> _EXERCISE_:
When a line below contains the string "point", show that line.

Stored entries
^^^^^^^^
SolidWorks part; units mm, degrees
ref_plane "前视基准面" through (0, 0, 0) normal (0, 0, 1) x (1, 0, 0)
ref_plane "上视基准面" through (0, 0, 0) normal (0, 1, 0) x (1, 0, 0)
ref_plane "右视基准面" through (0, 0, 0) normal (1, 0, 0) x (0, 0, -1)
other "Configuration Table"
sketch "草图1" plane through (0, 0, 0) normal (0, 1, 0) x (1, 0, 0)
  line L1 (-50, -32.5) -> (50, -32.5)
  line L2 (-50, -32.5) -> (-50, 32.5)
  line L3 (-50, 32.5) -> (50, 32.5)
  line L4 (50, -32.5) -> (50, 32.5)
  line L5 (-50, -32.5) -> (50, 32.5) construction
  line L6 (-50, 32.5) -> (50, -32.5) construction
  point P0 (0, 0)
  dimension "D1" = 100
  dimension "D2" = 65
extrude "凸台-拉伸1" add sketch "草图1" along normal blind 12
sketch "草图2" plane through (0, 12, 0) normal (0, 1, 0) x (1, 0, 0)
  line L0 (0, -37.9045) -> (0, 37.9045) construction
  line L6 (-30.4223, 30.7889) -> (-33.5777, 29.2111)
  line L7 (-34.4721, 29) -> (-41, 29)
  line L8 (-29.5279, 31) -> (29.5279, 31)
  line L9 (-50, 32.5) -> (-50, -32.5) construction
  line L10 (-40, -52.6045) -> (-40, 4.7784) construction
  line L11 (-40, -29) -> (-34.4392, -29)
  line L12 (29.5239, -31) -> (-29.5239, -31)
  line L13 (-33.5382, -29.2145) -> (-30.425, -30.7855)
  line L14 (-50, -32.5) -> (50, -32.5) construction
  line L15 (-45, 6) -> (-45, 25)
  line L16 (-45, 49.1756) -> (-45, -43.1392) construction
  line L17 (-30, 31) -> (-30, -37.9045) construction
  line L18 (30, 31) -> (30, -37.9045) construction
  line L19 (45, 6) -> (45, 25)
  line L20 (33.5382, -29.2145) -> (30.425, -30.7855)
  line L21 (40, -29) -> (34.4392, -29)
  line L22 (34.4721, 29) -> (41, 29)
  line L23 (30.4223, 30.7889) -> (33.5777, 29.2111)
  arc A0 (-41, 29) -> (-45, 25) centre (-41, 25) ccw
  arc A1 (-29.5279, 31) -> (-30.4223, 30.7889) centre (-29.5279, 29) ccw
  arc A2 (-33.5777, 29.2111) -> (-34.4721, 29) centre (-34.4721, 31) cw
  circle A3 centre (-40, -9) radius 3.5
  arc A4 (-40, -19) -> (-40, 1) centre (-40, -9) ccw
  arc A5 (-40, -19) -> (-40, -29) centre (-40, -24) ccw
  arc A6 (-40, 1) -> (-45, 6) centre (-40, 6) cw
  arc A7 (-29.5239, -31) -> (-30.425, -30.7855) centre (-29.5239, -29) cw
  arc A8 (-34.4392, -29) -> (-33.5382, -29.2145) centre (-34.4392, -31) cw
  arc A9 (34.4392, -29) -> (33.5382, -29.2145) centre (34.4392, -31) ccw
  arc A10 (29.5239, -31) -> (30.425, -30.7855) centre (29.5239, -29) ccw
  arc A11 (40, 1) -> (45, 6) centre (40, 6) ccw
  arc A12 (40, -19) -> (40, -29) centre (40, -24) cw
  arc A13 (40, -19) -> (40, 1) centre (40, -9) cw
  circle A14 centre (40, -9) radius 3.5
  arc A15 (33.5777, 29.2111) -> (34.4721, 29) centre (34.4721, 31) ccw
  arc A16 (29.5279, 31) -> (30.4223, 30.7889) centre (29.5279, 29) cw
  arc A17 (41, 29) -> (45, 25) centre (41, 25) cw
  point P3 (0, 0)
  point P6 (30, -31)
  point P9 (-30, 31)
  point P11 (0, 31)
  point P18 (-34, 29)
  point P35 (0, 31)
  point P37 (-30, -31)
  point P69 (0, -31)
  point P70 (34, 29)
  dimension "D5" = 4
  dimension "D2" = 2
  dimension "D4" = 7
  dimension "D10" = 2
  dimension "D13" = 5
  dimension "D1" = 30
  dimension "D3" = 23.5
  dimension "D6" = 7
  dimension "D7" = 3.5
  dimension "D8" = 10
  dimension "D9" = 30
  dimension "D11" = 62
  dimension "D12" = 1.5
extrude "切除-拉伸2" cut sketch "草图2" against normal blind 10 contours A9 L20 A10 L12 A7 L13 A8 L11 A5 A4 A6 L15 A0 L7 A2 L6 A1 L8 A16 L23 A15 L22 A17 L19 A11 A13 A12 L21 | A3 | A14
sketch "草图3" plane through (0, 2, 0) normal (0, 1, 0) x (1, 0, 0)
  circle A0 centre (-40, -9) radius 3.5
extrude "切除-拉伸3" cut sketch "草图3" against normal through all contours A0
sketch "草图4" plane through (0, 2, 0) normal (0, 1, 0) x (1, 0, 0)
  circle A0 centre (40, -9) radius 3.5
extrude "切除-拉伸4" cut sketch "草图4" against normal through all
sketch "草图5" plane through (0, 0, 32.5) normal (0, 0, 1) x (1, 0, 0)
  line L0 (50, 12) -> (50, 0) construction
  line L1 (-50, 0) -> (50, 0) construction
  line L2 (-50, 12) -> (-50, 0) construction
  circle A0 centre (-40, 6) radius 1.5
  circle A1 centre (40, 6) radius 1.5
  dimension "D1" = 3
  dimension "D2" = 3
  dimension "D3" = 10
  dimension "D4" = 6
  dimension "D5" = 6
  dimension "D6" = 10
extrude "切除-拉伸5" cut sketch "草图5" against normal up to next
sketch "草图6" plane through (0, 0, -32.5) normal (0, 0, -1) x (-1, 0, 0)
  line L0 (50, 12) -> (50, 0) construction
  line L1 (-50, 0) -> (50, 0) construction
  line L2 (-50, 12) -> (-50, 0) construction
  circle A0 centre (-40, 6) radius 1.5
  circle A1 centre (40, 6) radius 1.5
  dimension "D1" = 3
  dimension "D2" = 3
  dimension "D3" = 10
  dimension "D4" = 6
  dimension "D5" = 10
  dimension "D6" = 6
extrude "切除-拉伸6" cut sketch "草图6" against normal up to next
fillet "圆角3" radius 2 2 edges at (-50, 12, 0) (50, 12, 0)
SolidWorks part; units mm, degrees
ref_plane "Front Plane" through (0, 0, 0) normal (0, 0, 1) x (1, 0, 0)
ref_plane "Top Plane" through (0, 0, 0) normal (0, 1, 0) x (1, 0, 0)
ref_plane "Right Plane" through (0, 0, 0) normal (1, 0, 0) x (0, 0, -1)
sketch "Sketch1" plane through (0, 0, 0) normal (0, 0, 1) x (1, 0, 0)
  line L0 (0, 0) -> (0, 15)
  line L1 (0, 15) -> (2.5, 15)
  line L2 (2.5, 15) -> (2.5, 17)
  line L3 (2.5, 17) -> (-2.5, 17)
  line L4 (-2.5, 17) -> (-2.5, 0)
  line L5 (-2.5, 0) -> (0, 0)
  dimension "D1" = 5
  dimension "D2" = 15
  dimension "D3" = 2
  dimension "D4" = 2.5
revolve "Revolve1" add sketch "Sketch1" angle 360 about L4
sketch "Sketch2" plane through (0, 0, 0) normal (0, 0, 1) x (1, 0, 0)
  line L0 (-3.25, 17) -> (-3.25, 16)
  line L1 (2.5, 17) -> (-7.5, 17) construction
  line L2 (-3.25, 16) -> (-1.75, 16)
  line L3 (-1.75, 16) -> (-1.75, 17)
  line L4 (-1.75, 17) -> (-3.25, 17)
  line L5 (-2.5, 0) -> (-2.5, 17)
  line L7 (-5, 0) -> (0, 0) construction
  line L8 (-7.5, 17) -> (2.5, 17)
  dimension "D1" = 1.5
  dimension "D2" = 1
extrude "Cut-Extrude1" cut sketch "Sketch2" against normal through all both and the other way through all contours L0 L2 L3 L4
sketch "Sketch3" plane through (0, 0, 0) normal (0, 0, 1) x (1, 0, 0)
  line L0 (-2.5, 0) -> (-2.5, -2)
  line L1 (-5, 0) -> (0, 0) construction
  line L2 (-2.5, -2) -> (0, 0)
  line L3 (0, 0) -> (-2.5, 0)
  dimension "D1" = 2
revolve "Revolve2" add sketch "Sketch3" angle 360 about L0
^^^^^^^^
> _OUTPUT_:
  point P0 (0, 0)
  point P3 (0, 0)
  point P6 (30, -31)
  point P9 (-30, 31)
  point P11 (0, 31)
  point P18 (-34, 29)
  point P35 (0, 31)
  point P37 (-30, -31)
  point P69 (0, -31)
  point P70 (34, 29)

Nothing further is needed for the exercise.